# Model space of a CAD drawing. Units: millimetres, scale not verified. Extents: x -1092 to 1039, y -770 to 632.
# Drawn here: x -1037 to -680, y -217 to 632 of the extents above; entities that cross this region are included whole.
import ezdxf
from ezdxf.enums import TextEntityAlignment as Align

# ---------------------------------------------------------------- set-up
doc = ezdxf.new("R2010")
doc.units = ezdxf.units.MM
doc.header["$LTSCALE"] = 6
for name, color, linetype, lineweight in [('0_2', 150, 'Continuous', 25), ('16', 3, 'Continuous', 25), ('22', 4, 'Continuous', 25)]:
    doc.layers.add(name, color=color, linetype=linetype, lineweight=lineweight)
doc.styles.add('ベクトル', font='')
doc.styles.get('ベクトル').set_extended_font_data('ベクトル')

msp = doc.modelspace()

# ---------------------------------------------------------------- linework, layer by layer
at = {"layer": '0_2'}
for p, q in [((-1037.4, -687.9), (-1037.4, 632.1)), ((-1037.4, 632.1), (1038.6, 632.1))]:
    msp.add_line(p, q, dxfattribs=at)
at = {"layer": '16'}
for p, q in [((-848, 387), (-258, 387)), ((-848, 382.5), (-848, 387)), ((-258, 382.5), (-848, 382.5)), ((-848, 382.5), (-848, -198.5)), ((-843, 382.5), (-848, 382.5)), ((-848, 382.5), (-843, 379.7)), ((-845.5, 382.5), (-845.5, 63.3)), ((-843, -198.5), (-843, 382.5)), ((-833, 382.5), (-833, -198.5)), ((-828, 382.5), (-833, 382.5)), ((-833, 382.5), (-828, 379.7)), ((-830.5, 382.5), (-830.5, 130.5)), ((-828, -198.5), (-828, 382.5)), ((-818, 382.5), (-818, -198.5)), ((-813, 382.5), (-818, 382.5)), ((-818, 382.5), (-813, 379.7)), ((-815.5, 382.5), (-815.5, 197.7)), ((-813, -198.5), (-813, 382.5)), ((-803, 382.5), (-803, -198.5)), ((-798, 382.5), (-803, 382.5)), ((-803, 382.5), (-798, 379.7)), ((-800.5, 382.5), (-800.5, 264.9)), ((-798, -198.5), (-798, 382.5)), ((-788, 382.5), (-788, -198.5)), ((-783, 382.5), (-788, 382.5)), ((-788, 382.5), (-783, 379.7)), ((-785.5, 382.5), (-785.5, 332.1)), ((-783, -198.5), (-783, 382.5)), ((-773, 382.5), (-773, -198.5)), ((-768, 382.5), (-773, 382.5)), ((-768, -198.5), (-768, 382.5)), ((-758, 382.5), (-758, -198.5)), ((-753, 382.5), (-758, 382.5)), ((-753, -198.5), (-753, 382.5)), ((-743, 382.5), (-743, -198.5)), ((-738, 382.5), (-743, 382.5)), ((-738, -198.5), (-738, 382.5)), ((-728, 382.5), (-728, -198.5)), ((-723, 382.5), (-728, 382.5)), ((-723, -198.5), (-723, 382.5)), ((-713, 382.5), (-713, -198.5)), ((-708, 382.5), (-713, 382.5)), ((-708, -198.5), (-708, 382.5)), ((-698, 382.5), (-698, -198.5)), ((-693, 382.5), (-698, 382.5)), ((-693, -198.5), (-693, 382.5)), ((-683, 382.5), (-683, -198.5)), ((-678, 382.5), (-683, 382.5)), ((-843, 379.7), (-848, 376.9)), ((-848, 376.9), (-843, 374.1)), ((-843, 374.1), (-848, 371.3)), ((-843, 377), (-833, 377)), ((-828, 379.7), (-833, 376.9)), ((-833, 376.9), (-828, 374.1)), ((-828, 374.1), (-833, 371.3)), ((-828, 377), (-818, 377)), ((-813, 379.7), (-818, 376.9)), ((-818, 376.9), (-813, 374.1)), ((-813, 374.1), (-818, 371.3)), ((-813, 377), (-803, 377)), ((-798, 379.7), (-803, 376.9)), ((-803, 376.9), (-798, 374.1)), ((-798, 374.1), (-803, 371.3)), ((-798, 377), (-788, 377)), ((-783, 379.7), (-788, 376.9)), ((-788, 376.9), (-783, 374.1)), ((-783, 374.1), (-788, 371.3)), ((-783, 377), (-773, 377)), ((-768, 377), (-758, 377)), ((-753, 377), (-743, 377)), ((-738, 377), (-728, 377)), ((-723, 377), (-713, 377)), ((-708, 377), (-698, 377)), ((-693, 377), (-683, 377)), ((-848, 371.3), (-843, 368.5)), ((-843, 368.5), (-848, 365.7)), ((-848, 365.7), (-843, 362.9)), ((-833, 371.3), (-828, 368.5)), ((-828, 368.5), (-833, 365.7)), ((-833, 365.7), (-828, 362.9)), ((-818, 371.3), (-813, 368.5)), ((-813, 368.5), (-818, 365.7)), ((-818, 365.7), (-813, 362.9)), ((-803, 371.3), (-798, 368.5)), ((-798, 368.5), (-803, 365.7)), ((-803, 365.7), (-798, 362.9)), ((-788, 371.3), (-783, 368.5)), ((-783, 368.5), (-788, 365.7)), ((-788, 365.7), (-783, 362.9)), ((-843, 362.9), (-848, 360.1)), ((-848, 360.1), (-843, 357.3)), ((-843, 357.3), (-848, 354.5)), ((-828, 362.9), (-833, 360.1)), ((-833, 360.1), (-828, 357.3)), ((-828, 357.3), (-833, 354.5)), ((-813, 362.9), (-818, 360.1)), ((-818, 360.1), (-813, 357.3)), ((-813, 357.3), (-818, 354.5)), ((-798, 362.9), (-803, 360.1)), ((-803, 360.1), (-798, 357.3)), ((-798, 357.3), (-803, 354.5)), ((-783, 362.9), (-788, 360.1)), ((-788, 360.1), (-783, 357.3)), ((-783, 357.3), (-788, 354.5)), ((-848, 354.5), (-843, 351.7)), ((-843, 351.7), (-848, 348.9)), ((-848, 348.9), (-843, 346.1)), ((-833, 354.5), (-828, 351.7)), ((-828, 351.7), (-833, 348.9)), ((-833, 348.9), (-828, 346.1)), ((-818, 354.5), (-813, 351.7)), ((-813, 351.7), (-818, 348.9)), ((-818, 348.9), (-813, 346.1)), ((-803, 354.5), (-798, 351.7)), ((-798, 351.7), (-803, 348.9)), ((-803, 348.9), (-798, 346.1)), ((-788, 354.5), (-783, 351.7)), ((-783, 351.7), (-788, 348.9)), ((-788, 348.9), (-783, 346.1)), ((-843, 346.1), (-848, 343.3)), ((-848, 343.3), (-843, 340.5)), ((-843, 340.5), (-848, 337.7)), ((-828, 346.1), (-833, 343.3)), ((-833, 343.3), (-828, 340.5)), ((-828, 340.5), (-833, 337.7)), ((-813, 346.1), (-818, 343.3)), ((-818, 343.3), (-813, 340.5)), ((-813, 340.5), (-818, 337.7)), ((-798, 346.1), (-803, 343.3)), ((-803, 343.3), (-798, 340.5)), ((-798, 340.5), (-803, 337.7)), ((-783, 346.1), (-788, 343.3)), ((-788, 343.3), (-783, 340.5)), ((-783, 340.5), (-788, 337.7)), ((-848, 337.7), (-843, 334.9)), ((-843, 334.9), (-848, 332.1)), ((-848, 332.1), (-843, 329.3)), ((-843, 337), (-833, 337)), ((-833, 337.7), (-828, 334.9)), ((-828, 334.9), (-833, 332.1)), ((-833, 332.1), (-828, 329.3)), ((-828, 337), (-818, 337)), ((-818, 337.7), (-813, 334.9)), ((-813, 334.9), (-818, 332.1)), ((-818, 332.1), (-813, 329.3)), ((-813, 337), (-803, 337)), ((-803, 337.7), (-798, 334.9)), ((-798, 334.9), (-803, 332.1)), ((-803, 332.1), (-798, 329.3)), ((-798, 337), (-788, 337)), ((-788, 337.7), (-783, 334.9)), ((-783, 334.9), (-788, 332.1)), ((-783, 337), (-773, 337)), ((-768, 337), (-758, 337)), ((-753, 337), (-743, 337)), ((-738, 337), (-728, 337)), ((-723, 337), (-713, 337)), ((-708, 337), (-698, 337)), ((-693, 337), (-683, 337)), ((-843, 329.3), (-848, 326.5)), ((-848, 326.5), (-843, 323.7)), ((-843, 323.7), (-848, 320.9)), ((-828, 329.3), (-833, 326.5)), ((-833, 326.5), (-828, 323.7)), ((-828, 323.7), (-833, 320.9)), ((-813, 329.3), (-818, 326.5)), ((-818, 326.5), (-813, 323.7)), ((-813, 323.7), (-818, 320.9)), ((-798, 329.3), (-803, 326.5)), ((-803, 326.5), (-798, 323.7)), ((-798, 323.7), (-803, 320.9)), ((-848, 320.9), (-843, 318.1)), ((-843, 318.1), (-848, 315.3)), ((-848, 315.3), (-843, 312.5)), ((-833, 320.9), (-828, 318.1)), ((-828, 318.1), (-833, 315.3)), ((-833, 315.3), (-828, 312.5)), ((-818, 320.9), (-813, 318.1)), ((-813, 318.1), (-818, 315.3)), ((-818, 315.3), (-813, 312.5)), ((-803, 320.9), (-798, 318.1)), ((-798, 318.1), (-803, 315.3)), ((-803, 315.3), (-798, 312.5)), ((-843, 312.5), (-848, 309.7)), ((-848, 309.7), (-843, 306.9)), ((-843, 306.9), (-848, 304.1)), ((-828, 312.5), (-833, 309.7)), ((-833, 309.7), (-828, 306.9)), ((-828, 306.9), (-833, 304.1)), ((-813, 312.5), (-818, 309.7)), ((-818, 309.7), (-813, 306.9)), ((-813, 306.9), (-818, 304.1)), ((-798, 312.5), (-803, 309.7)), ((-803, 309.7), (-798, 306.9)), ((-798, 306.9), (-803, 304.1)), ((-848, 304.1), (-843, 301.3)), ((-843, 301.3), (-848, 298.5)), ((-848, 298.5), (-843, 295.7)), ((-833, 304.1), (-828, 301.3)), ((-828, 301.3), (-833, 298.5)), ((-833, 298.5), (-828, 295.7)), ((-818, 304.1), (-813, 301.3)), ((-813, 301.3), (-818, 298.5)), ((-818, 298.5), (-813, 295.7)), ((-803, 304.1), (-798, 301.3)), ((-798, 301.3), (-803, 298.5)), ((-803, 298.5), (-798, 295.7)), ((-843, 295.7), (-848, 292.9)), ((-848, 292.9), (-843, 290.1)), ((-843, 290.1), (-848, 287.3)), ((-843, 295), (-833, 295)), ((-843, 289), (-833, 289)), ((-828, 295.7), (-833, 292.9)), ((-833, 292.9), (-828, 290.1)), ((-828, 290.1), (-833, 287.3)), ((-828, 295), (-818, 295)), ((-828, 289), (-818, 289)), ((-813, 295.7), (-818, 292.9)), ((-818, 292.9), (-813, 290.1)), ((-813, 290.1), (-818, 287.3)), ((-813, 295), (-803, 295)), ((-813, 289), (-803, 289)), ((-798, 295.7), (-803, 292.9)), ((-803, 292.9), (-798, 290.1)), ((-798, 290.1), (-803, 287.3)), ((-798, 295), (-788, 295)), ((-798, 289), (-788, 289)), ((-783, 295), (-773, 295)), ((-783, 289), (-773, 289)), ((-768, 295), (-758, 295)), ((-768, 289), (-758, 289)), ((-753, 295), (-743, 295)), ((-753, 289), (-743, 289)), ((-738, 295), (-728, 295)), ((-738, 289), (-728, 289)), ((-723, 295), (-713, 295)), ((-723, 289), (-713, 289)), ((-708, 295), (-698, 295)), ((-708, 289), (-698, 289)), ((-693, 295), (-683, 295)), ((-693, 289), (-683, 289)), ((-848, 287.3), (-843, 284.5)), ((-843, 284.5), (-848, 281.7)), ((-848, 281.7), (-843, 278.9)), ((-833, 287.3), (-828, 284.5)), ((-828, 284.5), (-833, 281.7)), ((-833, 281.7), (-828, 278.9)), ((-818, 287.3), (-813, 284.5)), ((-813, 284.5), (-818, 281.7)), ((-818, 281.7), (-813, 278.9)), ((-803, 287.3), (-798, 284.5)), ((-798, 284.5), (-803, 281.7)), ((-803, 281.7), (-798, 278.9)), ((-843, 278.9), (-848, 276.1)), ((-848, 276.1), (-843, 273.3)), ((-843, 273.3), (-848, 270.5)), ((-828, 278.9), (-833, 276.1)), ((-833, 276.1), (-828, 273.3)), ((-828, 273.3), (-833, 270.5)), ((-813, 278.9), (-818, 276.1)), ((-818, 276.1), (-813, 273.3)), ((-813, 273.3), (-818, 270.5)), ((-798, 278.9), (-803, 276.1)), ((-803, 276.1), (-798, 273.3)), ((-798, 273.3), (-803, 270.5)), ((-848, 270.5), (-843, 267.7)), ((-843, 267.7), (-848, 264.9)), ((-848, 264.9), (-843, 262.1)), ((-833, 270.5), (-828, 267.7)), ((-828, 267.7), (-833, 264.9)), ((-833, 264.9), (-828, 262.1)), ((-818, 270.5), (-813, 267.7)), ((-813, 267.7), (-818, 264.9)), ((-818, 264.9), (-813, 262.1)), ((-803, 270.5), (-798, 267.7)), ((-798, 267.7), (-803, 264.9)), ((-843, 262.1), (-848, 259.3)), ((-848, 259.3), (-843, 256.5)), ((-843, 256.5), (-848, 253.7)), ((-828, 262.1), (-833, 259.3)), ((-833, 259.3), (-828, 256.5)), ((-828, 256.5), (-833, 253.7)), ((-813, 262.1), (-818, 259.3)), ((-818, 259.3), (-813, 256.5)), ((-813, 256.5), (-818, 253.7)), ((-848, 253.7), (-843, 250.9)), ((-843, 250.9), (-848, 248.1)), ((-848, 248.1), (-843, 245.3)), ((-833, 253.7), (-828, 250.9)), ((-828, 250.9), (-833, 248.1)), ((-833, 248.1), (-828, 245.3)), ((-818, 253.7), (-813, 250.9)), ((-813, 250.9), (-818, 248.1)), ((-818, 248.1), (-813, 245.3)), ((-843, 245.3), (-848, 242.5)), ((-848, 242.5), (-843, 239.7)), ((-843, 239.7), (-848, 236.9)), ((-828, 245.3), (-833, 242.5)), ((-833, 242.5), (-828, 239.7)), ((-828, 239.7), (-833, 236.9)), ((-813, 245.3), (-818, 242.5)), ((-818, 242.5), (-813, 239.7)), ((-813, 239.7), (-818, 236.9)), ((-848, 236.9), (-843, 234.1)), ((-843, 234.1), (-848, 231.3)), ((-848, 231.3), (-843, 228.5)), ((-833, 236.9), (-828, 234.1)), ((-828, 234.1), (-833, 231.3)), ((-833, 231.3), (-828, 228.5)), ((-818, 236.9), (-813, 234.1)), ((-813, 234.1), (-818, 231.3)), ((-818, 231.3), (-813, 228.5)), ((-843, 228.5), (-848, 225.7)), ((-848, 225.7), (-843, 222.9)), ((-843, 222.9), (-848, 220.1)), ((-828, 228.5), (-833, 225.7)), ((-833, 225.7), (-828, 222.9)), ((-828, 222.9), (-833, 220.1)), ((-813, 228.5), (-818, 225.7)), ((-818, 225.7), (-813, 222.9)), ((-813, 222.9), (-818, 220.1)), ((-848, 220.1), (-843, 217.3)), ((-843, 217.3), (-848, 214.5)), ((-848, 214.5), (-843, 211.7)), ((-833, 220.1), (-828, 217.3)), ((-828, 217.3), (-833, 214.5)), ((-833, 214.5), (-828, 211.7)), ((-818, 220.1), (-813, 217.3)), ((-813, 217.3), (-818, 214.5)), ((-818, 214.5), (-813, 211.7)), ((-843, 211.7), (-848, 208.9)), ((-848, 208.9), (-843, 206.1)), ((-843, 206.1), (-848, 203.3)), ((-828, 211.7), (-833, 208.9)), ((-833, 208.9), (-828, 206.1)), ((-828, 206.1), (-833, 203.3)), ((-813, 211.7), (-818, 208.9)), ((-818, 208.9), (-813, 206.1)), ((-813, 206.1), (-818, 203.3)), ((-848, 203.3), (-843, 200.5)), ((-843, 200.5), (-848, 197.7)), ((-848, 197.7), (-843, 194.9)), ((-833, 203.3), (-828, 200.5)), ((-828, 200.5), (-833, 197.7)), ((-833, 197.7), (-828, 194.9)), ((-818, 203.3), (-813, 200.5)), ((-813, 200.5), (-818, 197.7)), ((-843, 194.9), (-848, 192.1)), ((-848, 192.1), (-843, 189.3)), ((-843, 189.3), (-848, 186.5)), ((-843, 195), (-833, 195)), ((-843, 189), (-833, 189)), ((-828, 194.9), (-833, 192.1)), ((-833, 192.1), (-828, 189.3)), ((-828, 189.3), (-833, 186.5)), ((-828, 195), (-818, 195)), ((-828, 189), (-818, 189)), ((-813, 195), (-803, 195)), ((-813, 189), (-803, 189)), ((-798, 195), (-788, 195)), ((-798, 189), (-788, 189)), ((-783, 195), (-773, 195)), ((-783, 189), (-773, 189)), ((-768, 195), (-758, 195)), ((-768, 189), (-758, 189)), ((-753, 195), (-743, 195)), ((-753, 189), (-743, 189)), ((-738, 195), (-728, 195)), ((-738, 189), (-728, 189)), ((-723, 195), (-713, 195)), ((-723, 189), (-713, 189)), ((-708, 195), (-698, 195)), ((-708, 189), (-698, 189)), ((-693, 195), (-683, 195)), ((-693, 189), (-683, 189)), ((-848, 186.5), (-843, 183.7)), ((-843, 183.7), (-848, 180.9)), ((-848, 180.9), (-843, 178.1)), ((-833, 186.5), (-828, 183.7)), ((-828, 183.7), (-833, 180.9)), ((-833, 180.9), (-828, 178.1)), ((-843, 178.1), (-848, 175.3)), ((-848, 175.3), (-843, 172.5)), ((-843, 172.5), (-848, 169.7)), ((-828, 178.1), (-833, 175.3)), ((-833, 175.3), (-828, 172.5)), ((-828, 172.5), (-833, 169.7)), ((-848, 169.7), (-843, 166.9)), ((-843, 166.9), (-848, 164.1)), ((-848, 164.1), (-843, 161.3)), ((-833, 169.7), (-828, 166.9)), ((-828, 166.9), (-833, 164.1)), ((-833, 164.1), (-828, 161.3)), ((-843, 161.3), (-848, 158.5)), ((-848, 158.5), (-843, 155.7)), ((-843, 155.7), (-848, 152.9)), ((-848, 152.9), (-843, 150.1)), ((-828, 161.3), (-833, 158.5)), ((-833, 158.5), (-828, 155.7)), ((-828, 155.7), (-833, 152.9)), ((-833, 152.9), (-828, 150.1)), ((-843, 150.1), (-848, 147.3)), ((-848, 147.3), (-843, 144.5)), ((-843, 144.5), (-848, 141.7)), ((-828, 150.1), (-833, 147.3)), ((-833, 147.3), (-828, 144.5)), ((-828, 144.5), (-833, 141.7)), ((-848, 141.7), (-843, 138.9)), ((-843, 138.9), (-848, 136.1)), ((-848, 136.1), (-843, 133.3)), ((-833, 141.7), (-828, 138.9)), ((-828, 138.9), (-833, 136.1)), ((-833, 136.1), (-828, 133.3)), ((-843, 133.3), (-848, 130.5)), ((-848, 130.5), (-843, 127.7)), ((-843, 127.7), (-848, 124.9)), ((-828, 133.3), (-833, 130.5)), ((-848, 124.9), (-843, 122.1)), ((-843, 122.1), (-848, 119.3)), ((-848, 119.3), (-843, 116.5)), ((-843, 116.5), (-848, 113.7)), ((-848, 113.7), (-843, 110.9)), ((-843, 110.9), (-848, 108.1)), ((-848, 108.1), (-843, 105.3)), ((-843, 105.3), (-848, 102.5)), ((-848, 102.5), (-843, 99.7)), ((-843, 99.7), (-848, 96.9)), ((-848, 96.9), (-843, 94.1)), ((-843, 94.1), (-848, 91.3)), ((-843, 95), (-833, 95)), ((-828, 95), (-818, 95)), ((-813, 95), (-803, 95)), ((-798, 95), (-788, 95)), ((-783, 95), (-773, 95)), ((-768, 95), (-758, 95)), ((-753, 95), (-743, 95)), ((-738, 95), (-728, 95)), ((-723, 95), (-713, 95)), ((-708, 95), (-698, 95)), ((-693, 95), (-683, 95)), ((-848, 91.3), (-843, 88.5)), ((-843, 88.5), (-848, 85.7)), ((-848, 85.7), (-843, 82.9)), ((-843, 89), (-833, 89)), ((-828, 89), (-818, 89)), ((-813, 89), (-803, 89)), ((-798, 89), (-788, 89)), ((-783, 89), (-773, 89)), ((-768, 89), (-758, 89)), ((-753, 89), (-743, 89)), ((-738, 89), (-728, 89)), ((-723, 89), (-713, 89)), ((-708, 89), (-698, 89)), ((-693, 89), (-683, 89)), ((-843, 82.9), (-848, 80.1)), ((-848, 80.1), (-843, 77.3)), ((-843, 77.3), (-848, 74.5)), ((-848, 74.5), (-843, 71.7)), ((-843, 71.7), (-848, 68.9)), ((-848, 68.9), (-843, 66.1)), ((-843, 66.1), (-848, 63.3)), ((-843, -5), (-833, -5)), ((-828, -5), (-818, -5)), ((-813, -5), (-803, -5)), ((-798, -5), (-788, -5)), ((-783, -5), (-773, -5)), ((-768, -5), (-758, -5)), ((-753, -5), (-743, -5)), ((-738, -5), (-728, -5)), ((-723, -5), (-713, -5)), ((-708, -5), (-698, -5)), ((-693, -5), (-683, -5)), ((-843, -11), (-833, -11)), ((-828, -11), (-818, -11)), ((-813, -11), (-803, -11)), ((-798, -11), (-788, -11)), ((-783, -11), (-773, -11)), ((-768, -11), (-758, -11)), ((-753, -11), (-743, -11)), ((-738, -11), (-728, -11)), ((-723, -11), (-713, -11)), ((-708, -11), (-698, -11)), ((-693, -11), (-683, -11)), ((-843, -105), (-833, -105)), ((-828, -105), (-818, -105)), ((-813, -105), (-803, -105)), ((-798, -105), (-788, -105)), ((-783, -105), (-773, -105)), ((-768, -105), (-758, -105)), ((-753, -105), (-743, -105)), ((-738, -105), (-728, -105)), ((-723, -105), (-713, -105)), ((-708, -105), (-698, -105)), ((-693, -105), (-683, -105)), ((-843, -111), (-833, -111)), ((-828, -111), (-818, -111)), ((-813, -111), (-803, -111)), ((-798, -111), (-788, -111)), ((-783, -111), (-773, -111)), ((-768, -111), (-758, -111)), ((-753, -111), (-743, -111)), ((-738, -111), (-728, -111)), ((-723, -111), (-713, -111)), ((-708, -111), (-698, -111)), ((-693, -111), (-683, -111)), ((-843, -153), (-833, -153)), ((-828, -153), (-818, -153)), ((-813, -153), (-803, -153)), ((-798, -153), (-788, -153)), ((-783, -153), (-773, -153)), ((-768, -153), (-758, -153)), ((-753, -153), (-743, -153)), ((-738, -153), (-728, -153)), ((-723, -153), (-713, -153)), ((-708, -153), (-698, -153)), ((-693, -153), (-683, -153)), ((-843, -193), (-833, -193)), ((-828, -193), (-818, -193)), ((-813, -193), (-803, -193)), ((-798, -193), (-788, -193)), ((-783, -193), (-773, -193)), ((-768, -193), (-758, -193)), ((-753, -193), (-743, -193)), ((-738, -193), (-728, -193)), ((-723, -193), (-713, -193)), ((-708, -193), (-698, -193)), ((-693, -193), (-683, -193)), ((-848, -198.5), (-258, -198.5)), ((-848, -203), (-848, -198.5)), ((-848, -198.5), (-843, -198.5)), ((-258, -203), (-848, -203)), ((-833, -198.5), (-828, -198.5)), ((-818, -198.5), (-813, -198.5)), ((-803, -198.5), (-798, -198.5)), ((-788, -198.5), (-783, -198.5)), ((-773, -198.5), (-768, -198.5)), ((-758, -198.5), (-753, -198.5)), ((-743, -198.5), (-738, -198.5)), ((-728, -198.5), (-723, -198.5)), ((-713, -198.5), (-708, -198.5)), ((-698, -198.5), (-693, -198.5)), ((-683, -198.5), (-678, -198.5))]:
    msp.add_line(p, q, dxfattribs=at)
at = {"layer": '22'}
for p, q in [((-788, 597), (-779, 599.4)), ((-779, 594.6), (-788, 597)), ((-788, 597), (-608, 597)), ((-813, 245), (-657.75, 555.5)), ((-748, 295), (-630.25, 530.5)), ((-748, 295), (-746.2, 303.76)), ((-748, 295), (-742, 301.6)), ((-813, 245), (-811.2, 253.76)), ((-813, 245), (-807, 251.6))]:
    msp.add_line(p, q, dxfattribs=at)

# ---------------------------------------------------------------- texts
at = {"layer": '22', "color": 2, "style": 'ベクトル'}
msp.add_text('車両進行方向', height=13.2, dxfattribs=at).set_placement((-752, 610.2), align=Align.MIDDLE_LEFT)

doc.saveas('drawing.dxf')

* [ASSIGNED TASK]: Considering only the material above, set down every line from the one with "color=color, linetype=linetype, lineweight=lineweight)" to the one with "msp = doc.modelspace()", inclusive, exactly as written.

* [REPLY TO THE EXERCISE]:
    doc.layers.add(name, color=color, linetype=linetype, lineweight=lineweight)
doc.styles.add('ベクトル', font='')
doc.styles.get('ベクトル').set_extended_font_data('ベクトル')

msp = doc.modelspace()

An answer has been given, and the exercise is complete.